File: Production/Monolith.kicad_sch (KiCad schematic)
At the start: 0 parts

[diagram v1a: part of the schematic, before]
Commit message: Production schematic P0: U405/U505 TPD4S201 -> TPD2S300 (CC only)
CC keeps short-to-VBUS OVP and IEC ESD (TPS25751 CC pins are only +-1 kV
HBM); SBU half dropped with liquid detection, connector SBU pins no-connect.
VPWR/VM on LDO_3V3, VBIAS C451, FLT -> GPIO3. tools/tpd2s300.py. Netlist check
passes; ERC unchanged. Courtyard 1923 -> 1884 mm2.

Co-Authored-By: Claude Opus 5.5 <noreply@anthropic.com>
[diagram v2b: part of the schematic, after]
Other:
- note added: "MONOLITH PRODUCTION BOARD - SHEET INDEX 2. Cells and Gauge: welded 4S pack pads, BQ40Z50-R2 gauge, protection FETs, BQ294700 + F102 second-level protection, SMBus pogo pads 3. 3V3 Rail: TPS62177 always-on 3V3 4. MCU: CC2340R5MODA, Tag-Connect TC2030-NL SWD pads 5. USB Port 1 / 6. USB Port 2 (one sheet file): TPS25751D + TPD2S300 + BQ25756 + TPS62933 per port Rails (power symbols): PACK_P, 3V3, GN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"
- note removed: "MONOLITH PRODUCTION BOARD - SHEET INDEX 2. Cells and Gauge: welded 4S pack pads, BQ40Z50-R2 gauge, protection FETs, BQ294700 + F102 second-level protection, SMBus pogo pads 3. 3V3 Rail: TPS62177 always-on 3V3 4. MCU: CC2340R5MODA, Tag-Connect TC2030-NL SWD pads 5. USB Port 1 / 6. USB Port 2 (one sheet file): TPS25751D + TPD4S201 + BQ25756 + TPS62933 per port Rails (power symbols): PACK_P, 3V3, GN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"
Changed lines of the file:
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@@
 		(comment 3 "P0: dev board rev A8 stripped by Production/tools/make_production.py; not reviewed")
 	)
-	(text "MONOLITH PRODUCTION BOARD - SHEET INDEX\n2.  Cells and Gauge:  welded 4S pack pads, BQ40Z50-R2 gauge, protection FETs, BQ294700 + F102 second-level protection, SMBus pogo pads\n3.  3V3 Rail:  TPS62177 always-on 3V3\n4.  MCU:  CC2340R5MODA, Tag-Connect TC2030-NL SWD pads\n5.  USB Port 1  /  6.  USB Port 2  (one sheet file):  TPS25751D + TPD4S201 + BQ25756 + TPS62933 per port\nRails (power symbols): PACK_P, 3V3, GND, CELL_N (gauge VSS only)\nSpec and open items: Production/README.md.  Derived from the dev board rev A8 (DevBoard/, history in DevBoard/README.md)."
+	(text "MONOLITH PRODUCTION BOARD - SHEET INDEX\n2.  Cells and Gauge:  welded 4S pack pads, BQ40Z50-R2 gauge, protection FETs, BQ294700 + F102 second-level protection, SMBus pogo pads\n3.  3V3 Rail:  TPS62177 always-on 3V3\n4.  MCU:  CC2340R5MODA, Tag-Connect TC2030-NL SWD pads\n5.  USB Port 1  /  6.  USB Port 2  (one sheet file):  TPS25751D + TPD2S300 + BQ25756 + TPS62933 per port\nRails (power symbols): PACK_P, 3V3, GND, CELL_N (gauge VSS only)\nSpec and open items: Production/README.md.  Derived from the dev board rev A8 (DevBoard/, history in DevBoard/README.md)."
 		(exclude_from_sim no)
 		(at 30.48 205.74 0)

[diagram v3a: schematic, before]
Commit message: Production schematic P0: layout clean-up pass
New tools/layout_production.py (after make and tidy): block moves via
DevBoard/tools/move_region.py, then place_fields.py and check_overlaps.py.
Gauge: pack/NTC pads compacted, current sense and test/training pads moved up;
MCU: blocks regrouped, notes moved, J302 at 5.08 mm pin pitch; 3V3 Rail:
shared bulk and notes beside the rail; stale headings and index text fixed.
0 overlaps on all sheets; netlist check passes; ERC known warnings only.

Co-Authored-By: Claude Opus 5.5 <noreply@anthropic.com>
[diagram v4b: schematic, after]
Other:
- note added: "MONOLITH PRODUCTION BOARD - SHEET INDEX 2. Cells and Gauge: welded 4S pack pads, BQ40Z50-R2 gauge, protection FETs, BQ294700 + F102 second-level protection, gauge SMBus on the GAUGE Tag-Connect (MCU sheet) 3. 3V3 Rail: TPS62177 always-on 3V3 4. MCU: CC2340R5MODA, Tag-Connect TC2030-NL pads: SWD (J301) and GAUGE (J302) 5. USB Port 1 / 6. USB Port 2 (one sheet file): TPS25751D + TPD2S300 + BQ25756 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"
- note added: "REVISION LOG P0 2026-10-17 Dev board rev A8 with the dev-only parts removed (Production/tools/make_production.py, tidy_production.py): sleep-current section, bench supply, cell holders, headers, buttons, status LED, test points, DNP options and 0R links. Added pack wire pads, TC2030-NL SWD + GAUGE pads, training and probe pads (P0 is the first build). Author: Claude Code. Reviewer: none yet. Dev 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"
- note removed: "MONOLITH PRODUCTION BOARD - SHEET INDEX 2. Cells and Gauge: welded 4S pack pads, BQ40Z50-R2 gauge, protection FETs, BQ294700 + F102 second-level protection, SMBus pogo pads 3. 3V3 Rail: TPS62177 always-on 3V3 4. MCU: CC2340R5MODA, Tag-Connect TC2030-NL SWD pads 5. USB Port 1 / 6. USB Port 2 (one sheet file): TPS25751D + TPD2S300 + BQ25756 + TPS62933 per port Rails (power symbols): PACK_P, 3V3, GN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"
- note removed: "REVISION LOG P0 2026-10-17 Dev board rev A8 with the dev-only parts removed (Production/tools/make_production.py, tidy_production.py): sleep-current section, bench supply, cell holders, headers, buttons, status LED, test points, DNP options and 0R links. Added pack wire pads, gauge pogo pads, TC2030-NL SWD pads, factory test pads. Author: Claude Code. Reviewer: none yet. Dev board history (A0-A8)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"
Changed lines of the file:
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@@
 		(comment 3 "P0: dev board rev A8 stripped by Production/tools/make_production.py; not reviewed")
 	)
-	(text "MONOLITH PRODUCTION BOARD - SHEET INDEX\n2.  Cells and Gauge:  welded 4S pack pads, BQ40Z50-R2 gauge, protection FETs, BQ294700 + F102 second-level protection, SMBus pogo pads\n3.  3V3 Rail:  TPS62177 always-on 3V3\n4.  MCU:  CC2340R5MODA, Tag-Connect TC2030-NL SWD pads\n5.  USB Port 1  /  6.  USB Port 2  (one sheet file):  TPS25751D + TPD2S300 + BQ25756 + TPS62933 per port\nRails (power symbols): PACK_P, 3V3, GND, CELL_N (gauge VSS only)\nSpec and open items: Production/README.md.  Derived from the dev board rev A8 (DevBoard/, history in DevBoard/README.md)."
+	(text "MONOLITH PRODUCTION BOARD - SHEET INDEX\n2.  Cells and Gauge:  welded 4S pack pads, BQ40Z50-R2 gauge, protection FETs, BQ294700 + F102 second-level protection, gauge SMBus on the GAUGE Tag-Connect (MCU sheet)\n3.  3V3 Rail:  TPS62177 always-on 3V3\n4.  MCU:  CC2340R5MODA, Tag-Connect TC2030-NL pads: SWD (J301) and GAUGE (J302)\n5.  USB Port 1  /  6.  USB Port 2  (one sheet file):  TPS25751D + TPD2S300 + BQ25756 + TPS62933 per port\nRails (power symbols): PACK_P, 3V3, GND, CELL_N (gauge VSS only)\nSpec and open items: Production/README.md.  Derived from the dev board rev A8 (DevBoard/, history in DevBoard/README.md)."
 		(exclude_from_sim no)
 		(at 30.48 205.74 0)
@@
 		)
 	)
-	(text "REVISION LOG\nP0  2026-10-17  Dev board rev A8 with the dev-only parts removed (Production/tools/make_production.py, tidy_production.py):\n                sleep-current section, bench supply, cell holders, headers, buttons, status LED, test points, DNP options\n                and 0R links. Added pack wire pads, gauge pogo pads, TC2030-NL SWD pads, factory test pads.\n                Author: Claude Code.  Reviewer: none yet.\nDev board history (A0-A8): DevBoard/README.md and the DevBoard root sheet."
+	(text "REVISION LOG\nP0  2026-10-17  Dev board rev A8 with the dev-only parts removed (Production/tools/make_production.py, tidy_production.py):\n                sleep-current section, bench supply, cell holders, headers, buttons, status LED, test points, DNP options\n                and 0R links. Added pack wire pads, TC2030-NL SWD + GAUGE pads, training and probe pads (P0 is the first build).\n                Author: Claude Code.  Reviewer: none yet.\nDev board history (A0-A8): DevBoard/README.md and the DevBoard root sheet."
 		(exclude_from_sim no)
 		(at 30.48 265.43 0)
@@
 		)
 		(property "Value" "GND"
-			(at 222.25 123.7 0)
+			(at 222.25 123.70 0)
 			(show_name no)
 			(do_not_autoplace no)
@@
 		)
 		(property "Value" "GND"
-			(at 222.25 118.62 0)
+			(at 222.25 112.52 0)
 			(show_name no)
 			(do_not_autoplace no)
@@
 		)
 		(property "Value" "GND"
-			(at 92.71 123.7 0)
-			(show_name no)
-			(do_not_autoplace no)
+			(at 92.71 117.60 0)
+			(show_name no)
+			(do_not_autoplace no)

● ● ● ● ●

The expected answer is a copy of every line in the entries that holds the word "message".

Commit message: Production schematic P0: U405/U505 TPD4S201 -> TPD2S300 (CC only)
Commit message: Production schematic P0: layout clean-up pass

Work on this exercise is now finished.